A 14 anni i miei amici erano il Bove, la Cozza (che nonostante il nome era un ragazzone alto), Spino, Teio, Ruccia e Bidla (maschi anche gli ultimi due)… da loro ho quasi sempre beccato quelle bordate assassine di cui si parlava sopra. Botte belle forti di una sincerità piuttosto spartana ma che tuttavia non lasciavano spazio ad alcun fraintendimento. Ricordo bene i miei pianti isterici quando dichiaravano che ero piatta come (e cito) una “tavola da surf” e ricordo anche bene che queste cose mi venivano dette con lo stesso ingenuo sadismo con cui urlavano alla Cozza che, al posto dei capelli, sembrava avere un parrucchino col riporto.
Insomma, non nego che come gran parte dei rapporti, anche l’amicizia richieda tatto e sensibilità, questo è indubbio, ma il fatto che i miei amici possedessero l’abitudine a non perdersi in sterili insinuazioni per andare subito al sodo, è una cosa che mi ha sempre affascinato. Forse, quel che si guadagna evitando musi lunghi e chiacchiere alle spalle è tempo per l’azione e per chiedere scusa una volta di più…

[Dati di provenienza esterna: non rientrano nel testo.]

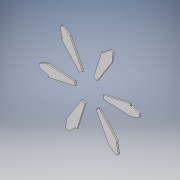
# Autodesk Inventor part: SpurGear
Saved by Autodesk Inventor 2019.3 (Build 233278000, 278)
## iProperties
Created: 2019-09-04
Part Number: SpurGear
Material: Generic
Document SubType Name: Modeling
Designer: Frienddo
Density: 1 g/cm^3
Appearance: Default
Author: Frienddo
Autodesk Inventor part; units mm, degrees
ref_plane "YZ Plane" through (0, 0, 0) normal (1, 0, 0) x (0, 1, 0)
ref_plane "XZ Plane" through (0, 0, 0) normal (0, 1, 0) x (-1, 0, 0)
ref_plane "XY Plane" through (0, 0, 0) normal (0, 0, 1) x (1, 0, 0)
sketch "Base" plane through (0, 0, 0) normal (0, 0, 1) x (1, 0, 0)
  circle A0 centre (0, 0) radius 215 construction
  circle A1 centre (0, 0) radius 217.5139 construction
  circle A2 centre (0, 0) radius 240 construction
  circle A3 centre (0, 0) radius 260 construction
  line L0 (197.1345, 91.9253) -> (240, 0) construction
  line L1 (-364.0417, 0) -> (364.2503, 0) construction
  line L2 (197.1345, 91.9253) -> (0, 0) construction
  line L3 (240, 0) -> (82.7311, -73.3357) construction
  arc A4 (217.3109, -9.3953) -> (259.7995, 10.2076) centre (121.323, 254.5037) ccw
  line L4 (259.7995, 10.2076) -> (258.9093, 23.7904)
  arc A5 (258.9093, 23.7904) -> (214.2254, 37.6797) centre (153.5044, -236.4905) ccw
  line L5 (214.2254, 37.6797) -> (211.7495, 37.2442)
  line L6 (209.8838, 46.6239) -> (0, 0)
  line L7 (217.3109, -9.3953) -> (0, 0)
  line L8 (237.9468, 31.3263) -> (0, 0) construction
  line L9 (259.3544, 16.999) -> (0, 0) construction
  line L10 (258.9093, 23.7904) -> (0, 0) construction
  line L11 (259.7995, 10.2076) -> (0, 0) construction
  line L12 (219.1565, 14.2535) -> (213.024, 43.9664) construction
  line L13 (219.1565, 14.2535) -> (189.1909, 9.5074) construction
  line L14 (210.876, 67.8334) -> (214.2254, 37.6797) construction
  line L15 (210.876, 67.8334) -> (180.9103, 63.0873) construction
  circle A6 centre (0, 0) radius 75
  line L16 (0, -364) -> (0, 364) construction
  line L17 (20, 47.2842) -> (-20, 47.2842)
  line L18 (-20, 47.2842) -> (-20, 87.2842)
  line L19 (-20, 87.2842) -> (20, 87.2842)
  line L20 (20, 87.2842) -> (20, 47.2842)
  line L21 (20, 47.2842) -> (-20, 87.2842) construction
  line L22 (-20, 47.2842) -> (20, 87.2842) construction
  line L23 (-20, 72.2842) -> (20, 72.2842) construction
  line L24 (209.8838, 46.6239) -> (211.7495, 37.2442)
  point P0 (0, 67.2842)
  dimension "sdTemp" = 8
  dimension "RefDiam" = 24
  dimension "RootDiam" = 14
  dimension "BaseDiam" = 23.9087
  dimension "TipDiam" = 32
  dimension "Pitch" = 60
  dimension "ToothThick" = 30
  dimension "InnerToothThick" = 12
  dimension "kwdTemp" = 11
  dimension "kwTemp" = 9
  dimension "khTemp" = 10
  constraints: 46 end point, 16 point on circle, 6 centre point, 6 coincident, 4 perpendicular, 4 point on line, 3 midpoint, 2 parallel, 2 tangent, 1 horizontal, 5 other
extrude "GearOneTooth" add sketch "Base" along normal mid plane 7 contours L7 A6 L6 L24 L5 A5 L4 A4 | L7 L6 A6
pattern_circular "GearCircularPattern" count 6 over 360 about axis through (0, 0, -10) along (0, 0, 1) of "GearOneTooth"
extrude "Shaft" cut sketch "Base" along normal mid plane 7 contours A6 L18 L17 L20 L6 L7 | L7 L6 A6 | L18 L19 L20 A6 | A6 L20 L17 L18
equation "\"RootDiam\" = RefDiam - 2.5 * Module"
equation "\"TipDiam\" = RefDiam + 2 * Module"
equation "\"ToothThick\" = 0.5 * Pitch"
equation "\"InnerToothThick\" = 0.2 * Pitch"
equation "\"Module\" = 4"
equation "\"ReferencePressureAngle\" = 5deg"
equation "\"Thickness\" = 7"
equation "\"ShaftDiameter\" = 8"
equation "\"KeyWidth\" = 9"
equation "\"KeywayDepth\" = 11"
body "Solid1"
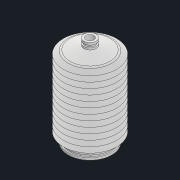
# Autodesk Inventor part: Boot
Saved by Autodesk Inventor 2021 (Build 250183000, 183)
## iProperties
Created: 2020-10-22
Part Number: Boot
Material: Generic
Document SubType Name: Modeling
Designer: Tang Kang Ning
Mass: 84.9799 g
Surface Area: 1568.76 cm^2
Volume: 84.9799 cm^3
Density: 1 g/cm^3
Appearance: Default
Author: Tang Kang Ning
Autodesk Inventor part; units mm, degrees
ref_plane "YZ Plane" through (0, 0, 0) normal (1, 0, 0) x (0, 1, 0)
ref_plane "XZ Plane" through (0, 0, 0) normal (0, 1, 0) x (-1, 0, 0)
ref_plane "XY Plane" through (0, 0, 0) normal (0, 0, 1) x (1, 0, 0)
sketch "Sketch1" plane through (0, 0, 0) normal (0, 0, 1) x (1, 0, 0)
  line L0 (-37, 65.25) -> (37, 65.25) projected
  line L1 (-37, 53.25) -> (37, 53.25) projected
  line L2 (35, 65.25) -> (35, 53.25)
  line L3 (-9, 215.6144) -> (9, 215.6144) projected
  line L4 (7, 215.6144) -> (7, 203.6144)
  line L5 (-9, 203.6144) -> (9, 203.6144) projected
  line L6 (7, 215.6144) -> (7, 203.6144)
  line L7 (9, 203.6144) -> (7, 203.6144)
  line L8 (7, 215.6144) -> (11, 215.6144)
  line L9 (35, 53.25) -> (39, 53.25)
  line L10 (39, 53.25) -> (39, 57.25)
  line L11 (39, 57.25) -> (37, 57.25)
  line L12 (37, 57.25) -> (37, 61.25)
  line L13 (37, 61.25) -> (39, 61.25)
  line L14 (39, 61.25) -> (39, 65.25)
  line L15 (39, 65.25) -> (37, 65.25) construction
  line L16 (11, 215.6144) -> (11, 211.6144)
  line L17 (11, 211.6144) -> (9, 211.6144)
  line L18 (9, 211.6144) -> (9, 207.6144)
  line L19 (9, 207.6144) -> (11, 207.6144)
  line L20 (11, 207.6144) -> (11, 203.6144)
  line L21 (7, 215.6144) -> (7, 203.6144)
  line L22 (39, 65.25) -> (47.6603, 70.25)
  line L23 (37, 65.25) -> (45.6603, 70.25)
  line L24 (37, 65.25) -> (37, 83.6946) construction
  line L25 (45.6603, 70.25) -> (37, 70.25) construction
  line L26 (45.6603, 70.25) -> (37, 75.25)
  line L27 (47.6603, 70.25) -> (39, 75.25)
  line L28 (35.6266, 196.7039) -> (11, 204.0606)
  line L29 (37, 195.25) -> (9, 203.6144)
  line L30 (37, 75.25) -> (46.1526, 75.25) construction
  line L31 (45.6603, 80.25) -> (37, 85.25)
  line L32 (47.6603, 80.25) -> (39, 85.25)
  line L33 (39, 75.25) -> (47.6603, 80.25)
  line L34 (37, 75.25) -> (45.6603, 80.25)
  line L35 (45.6603, 90.25) -> (37, 95.25)
  line L36 (47.6603, 90.25) -> (39, 95.25)
  line L37 (39, 85.25) -> (47.6603, 90.25)
  line L38 (37, 85.25) -> (45.6603, 90.25)
  line L39 (45.6603, 100.25) -> (37, 105.25)
  line L40 (47.6603, 100.25) -> (39, 105.25)
  line L41 (39, 95.25) -> (47.6603, 100.25)
  line L42 (37, 95.25) -> (45.6603, 100.25)
  line L43 (45.6603, 110.25) -> (37, 115.25)
  line L44 (47.6603, 110.25) -> (39, 115.25)
  line L45 (39, 105.25) -> (47.6603, 110.25)
  line L46 (37, 105.25) -> (45.6603, 110.25)
  line L47 (45.6603, 120.25) -> (37, 125.25)
  line L48 (47.6603, 120.25) -> (39, 125.25)
  line L49 (39, 115.25) -> (47.6603, 120.25)
  line L50 (37, 115.25) -> (45.6603, 120.25)
  line L51 (45.6603, 130.25) -> (37, 135.25)
  line L52 (47.6603, 130.25) -> (39, 135.25)
  line L53 (39, 125.25) -> (47.6603, 130.25)
  line L54 (37, 125.25) -> (45.6603, 130.25)
  line L55 (45.6603, 140.25) -> (37, 145.25)
  line L56 (47.6603, 140.25) -> (39, 145.25)
  line L57 (39, 135.25) -> (47.6603, 140.25)
  line L58 (37, 135.25) -> (45.6603, 140.25)
  line L59 (45.6603, 150.25) -> (37, 155.25)
  line L60 (47.6603, 150.25) -> (39, 155.25)
  line L61 (39, 145.25) -> (47.6603, 150.25)
  line L62 (37, 145.25) -> (45.6603, 150.25)
  line L63 (45.6603, 160.25) -> (37, 165.25)
  line L64 (47.6603, 160.25) -> (39, 165.25)
  line L65 (39, 155.25) -> (47.6603, 160.25)
  line L66 (37, 155.25) -> (45.6603, 160.25)
  line L67 (45.6603, 170.25) -> (37, 175.25)
  line L68 (47.6603, 170.25) -> (39, 175.25)
  line L69 (39, 165.25) -> (47.6603, 170.25)
  line L70 (37, 165.25) -> (45.6603, 170.25)
  line L71 (45.6603, 180.25) -> (37, 185.25)
  line L72 (47.6603, 180.25) -> (39, 185.25)
  line L73 (39, 175.25) -> (47.6603, 180.25)
  line L74 (37, 175.25) -> (45.6603, 180.25)
  line L75 (45.6603, 190.25) -> (37, 195.25)
  line L76 (47.6603, 190.25) -> (39, 195.25)
  line L77 (39, 185.25) -> (47.6603, 190.25)
  line L78 (37, 185.25) -> (45.6603, 190.25)
  arc A0 (39, 195.25) -> (35.6266, 196.7039) centre (31.1099, 181.5839) ccw
  line L79 (0, -43.1229) -> (0, 258.7373) projected
  point P0 (0, 0)
  dimension "d0" = 4
  dimension "d1" = 12
  dimension "d2" = 4
  dimension "d3" = 2
  dimension "d4" = 2
  dimension "d5" = 4
  dimension "d6" = 4
  dimension "d7" = 2
  dimension "d8" = 2
  dimension "d9" = 150.3644
  dimension "d10" = 150.3644
  dimension "d12" = 120
  dimension "d13" = 1
  dimension "d17" = 10
  dimension "d18" = 10
  dimension "d28" = 10
  dimension "d33" = 1
  dimension "d34" = 12
  dimension "d35" = 4
  constraints: 150 end point, 13 perpendicular, 9 point on line, 5 vertical, 3 parallel, 2 horizontal, 2 point on circle, 2 tangent, 1 centre point, 1 coincident, 1 collinear, 1 equal length, 124 other
  measures "d0" distance between parallel lines of L15 L13
  measures "d1" distance of L2.start L2.end
  measures "d2" distance between parallel lines of L9 L11
  measures "d3" distance between parallel lines of L12 L14
  measures "d4" distance between parallel lines of L2 L12
  measures "d5" distance of L8.end L16.end
  measures "d6" distance of L19.end L20.end
  measures "d7" distance between parallel lines of L4 L18
  measures "d8" distance between parallel lines of L18 L20
  measures "d9" distance between parallel lines of L1 L5
  measures "d10" distance between parallel lines of L1 L7
  measures "d12" angle of L14 L22
  measures "d13" distance between parallel lines of L22 L23
  measures "d17" distance of L14.end L22.end
  measures "d18" distance of L0.end L26.end
  measures "d28" distance of L23.end L31.start
  measures "d33" distance between parallel lines of L28 L29
  measures "d34" distance of L4.start L4.end
  measures "d35" distance between parallel lines of L7 L19
revolve "Revolution1" add sketch "Sketch1" angle 360 about axis through (0, -10, 0) along (0, 1, 0) contours L0 L23 L26 L34 L31 L38 L35 L42 L39 L46 L43 L50 L47 L54 L51 L58 L55 L62 L59 L66 L63 L70 L67 L74 L71 L78 L75 L29 L5 L4 L3 L8 L16 L17 L18 L19 L20 L28 A0 L76 L77 L72 L73 L68 L69 L64 L65 L60 L61 L56 L57 L52 L53 L48 L49 L44 L45 L40 L41 L36 L37 L32 L33 L27 L22 L14 L13 L12 L11 L10 L9 L1 L2
equation "\"d0\" = 0.333333 * d1"
equation "\"d2\" = d0"
equation "\"d5\" = d0"
equation "\"d6\" = d0"
equation "\"d10\" = d9"
equation "\"d28\" = d18"
equation "\"d33\" = d13"
body "Solid1"

Invece, è tutt’altro che una questione di genere il fatto che non ci sia “tavola da surf” che tenga… gli amici, quelli veri, rimangono e in un qualche modo accompagnano la nostra vita. Da loro si impara il limite dell’orgoglio, la barriera della nostra presunzione o vanità. Si capisce più di quel che vogliamo dagli amici: cosa si è disposti a tollerare, quanto ad essere pecore e a seguire il gruppo e, alla fine, anche chi non vogliamo più al nostro fianco ci insegna qualcosa su di noi… In fondo, gli amici diventano lo specchio di ciò che siamo e quanto più ci sono cari tanto meglio scorgiamo in loro la nostra immagine.
Durante la mia “visione” pensavo proprio questo, del concetto di amicizia è fondamentale la necessità di valicare il limite di se stessi. In un certo senso, un amico è la nostra prima proiezione.
Sono certa che i miei ragazzi troveranno un modo e una via per ristabilire l’equilibrio, nel frattempo li aiuto e con James Taylor sussurro alle loro orecchie che tutto andrà per il meglio.